Description
What
If an ML categorization job creates many many categories, it is probably not worth categorising. To be defensive, we should audit a warning message for jobs where the number of categories is high. This warning would be visible in job messages in the UI but would not be intended to stop the job from continuing.
It is difficult to figure out what "high" is because this is data dependent. This could be a ratio of categories to records_processed once a useful learning period has elapsed. Or it could be a hard upper limit on total number of categories (taking into account multiple partitions if they are configured). Or both.
Ideally this check can be performed in the early stages of the job after it has had a chance to analyze a useful amount of data. This could be at the end of a lookback (before starting real-time) or say after 100 buckets or 1 day (whichever sooner) for real-time only jobs.

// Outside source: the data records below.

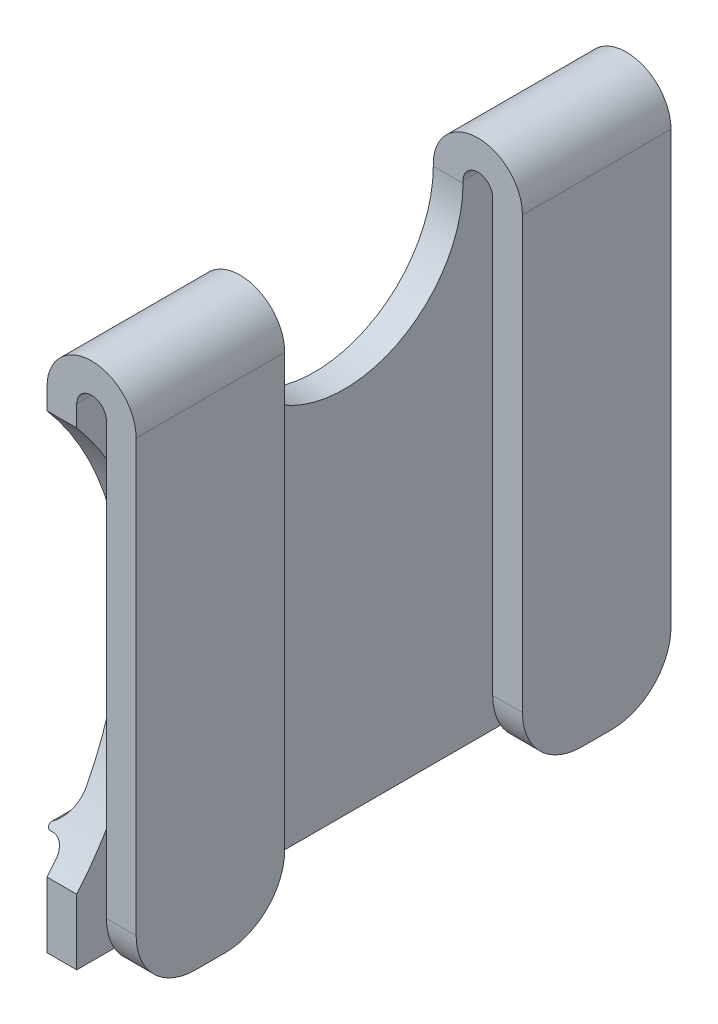
SolidWorks part; units mm, degrees
ref_plane "前视基准面" through (0, 0, 0) normal (0, 0, 1) x (1, 0, 0)
ref_plane "上视基准面" through (0, 0, 0) normal (0, 1, 0) x (1, 0, 0)
ref_plane "右视基准面" through (0, 0, 0) normal (1, 0, 0) x (0, 0, -1)
other "Configuration Table"
sketch "草图1" plane through (0, 0, 0) normal (1, 0, 0) x (0, 0, -1)
  line L1 (-45, -45) -> (45, -45)
  line L2 (-45, -45) -> (-45, 45)
  line L3 (-45, 45) -> (45, 45)
  line L4 (45, -45) -> (45, 45)
  line L5 (-45, -45) -> (45, 45) construction
  line L6 (-45, 45) -> (45, -45) construction
  point P0 (0, 0)
  dimension "D1" = 90
  dimension "D2" = 90
extrude "凸台-拉伸1" add sketch "草图1" along normal blind 15
sketch "草图2" plane through (0, 0, 45) normal (0, 0, 1) x (1, 0, 0)
  line L0 (5, -45) -> (5, 37.5)
  line L1 (15, -45) -> (0, -45) construction
  line L3 (10, 37.5) -> (10, -45)
  line L4 (10, -45) -> (5, -45)
  line L5 (0, 45) -> (0, -45) construction
  line L6 (15, 45) -> (15, -45) construction
  line L8 (15, 45) -> (0, 45) construction
  line L9 (0, 37.5) -> (0, 45)
  line L10 (0, 45) -> (7.5, 45)
  line L11 (7.5, 45) -> (15, 45)
  line L12 (15, 45) -> (15, 37.5)
  line L13 (0, 37.5) -> (15, 37.5) construction
  arc A0 (10, 37.5) -> (5, 37.5) centre (7.5, 37.5) ccw
  arc A1 (0, 37.5) -> (15, 37.5) centre (7.5, 37.5) cw
  line M6 (0, 45) -> (0, -45)
  line M7 (0, -45) -> (15, -45)
  line M8 (15, -45) -> (15, 45)
  line M9 (15, 45) -> (0, 45)
  dimension "D3" = 7.5
  dimension "D1" = 5
  dimension "D2" = 5
extrude "切除-拉伸1" cut sketch "草图2" against normal through all contours A1 M6 M9 | A1 M9 M8 | A0 L13 | L13 L0 L3 M7 region at (7.5, -3.75, 45) region at (7.5, 38.561, 45) region at (1.6753, 43.3247, 45) region at (13.3247, 43.3247, 45)
sketch "草图3" plane through (15, 0, 0) normal (1, 0, 0) x (0, 0, -1)
  line L0 (45, 45) -> (-45, 45) construction
  line L1 (-20, -45) -> (20, -45)
  line L2 (-20, -45) -> (-20, 45)
  line L3 (-20, 45) -> (20, 45)
  line L4 (20, -45) -> (20, 45)
  line L5 (-20, -45) -> (20, 45) construction
  line L6 (-20, 45) -> (20, -45) construction
  line L7 (-45, 37.5) -> (-45, -45) construction
  point P0 (0, 0)
  dimension "D1" = 25
extrude "切除-拉伸2" cut sketch "草图3" against normal up to surface (10 mm away) up to face at (5, -3.75, 0)
fillet "圆角1" radius 10 4 edges at (12.5, -45, -45) (12.5, -45, -20) (12.5, -45, 20) (12.5, -45, 45)
sketch "草图4" plane through (5, 0, 0) normal (1, 0, 0) x (0, 0, -1)
  line L0 (-20, 44.5711) -> (-20, 37.1045)
  line L1 (-20, 37.5) -> (-20, -35) construction
  line L2 (-20, 44.5711) -> (20, 44.5711)
  line L3 (20, 44.5711) -> (20, 37.1045)
  line L4 (20, -35) -> (20, 37.5) construction
  line L5 (20, 37.1045) -> (-20, 37.1045) construction
  arc A0 (20, 37.1045) -> (-20, 37.1045) centre (0, 37.1045) cw
extrude "切除-拉伸3" cut sketch "草图4" against normal through all
sketch "草图7" plane through (0, 0, 0) normal (0, 0, 1) x (1, 0, 0)
  line L1 (0, -30) -> (-6, -30)
  line L4 (0, -45) -> (-6, -45)
  line L5 (-6, -30) -> (-6, -45) construction
  line L6 (0, -30) -> (0, -45)
  circle A0 centre (-6, -37.5) radius 5
  arc A1 (-6, -45) -> (-6, -30) centre (-6, -37.5) cw
  point P2 (0, 0)
  point P6 (0, 0)
  point P10 (0, 0)
  dimension "D1" = 10
  dimension "D2" = 7.5
  dimension "D3" = 6
extrude "凸台-拉伸4" add sketch "草图7" along normal blind 15 and the other way blind 15
sketch "草图9" plane through (0, 0, 0) normal (0, 0, 1) x (1, 0, 0)
  line L0 (0, -24) -> (-6, -24) construction
  line L1 (-6, -24) -> (-6, -30) construction
  line L3 (0, -24) -> (0, -30)
  line L4 (0, -30) -> (-6, -30)
  arc A0 (-6, -30) -> (0, -24) centre (-6, -24) ccw
  arc A1 (-6, -30) -> (-6, -45) centre (-6, -37.5) ccw construction
  point P3 (0, 0)
extrude "凸台-拉伸5" add sketch "草图9" along normal blind 45 and the other way blind 45
sketch "草图6" plane through (0, 0, 0) normal (-1, 0, 0) x (0, 0, 1)
  line L0 (45, 37.5) -> (45, -24) construction
  line L1 (32.5, -955) -> (32.5, 49045) construction
  line L2 (45, 45) -> (20, 45) construction
  line L3 (0, -1000) -> (0, 49000) construction
  line L4 (-1000.7858, 0) -> (48999.2142, 0) construction
  line L5 (45, 33.9698) -> (45, -33.9698)
  line L6 (-45, 33.9698) -> (-45, -33.9698)
  arc A0 (45, 33.9698) -> (45, -33.9698) centre (84.9079, 0) ccw
  arc A1 (-45, 33.9698) -> (-45, -33.9698) centre (-84.9079, 0) cw
  point P10 (32.5, 45)
extrude "切除-拉伸4" cut sketch "草图6" against normal up to surface (10 mm away) and the other way blind 15 up to face at (10, -14.857, 32.5)
fillet "圆角2" radius 0.5 2 edges at (-6, -30, -28.468) (-6, -30, 28.468)
fillet "圆角3" radius 2 2 edges at (0, -30, -28.468) (0, -30, 28.468)

Re-assessing this warning during the lifetime of a real-time job would also have some value in cases where the input data changes - however this could get annoying if done too frequently.
Why
Log categorization will group unstructured log messages into categories. For example, Fred accessed file bananas.txt and Wilma accessed file apples.txt would be considered the same message category. From here, you can use current anomaly detection to model and identify unusual counts of categories of log message and/or rare log message categories.
To create a ML categorization job, it requires a timestamp and a message field. Categorization works best on machine written log messages, typically logging written by a developer for the purpose of system troubleshooting. For example, we would get very poor results trying to categorize each sentence in the complete works of Shakespeare because sentences are different and do not share similar structure. However we would generally get good results if categorizing applications logs with repeated messages (where certain fields changing in each doc e.g. hostname, IP addr, username).
Consequently, an ML categorization job is worth using providing the data it is analyzing is suitable for categorizing. This is not necessarily immediately obvious to all potential users of the system, therefore we should attempt to warn users if the job is not categorizing well.
When
Log categorization has been part of ML anomaly detection for a long time, but has been a bit of a hidden feature. This is now changing.
In 7.6 (tbc) we are working on a new ML UI Wizard elastic/kibana#53009 which will make it easier to create categorization jobs. Logs UI Observability team are also working on integrating with ML elastic/kibana#53004.
With more visibility of the categorization feature, we should look at seeing how we can enhance its usability so users get a better experience of the functionality.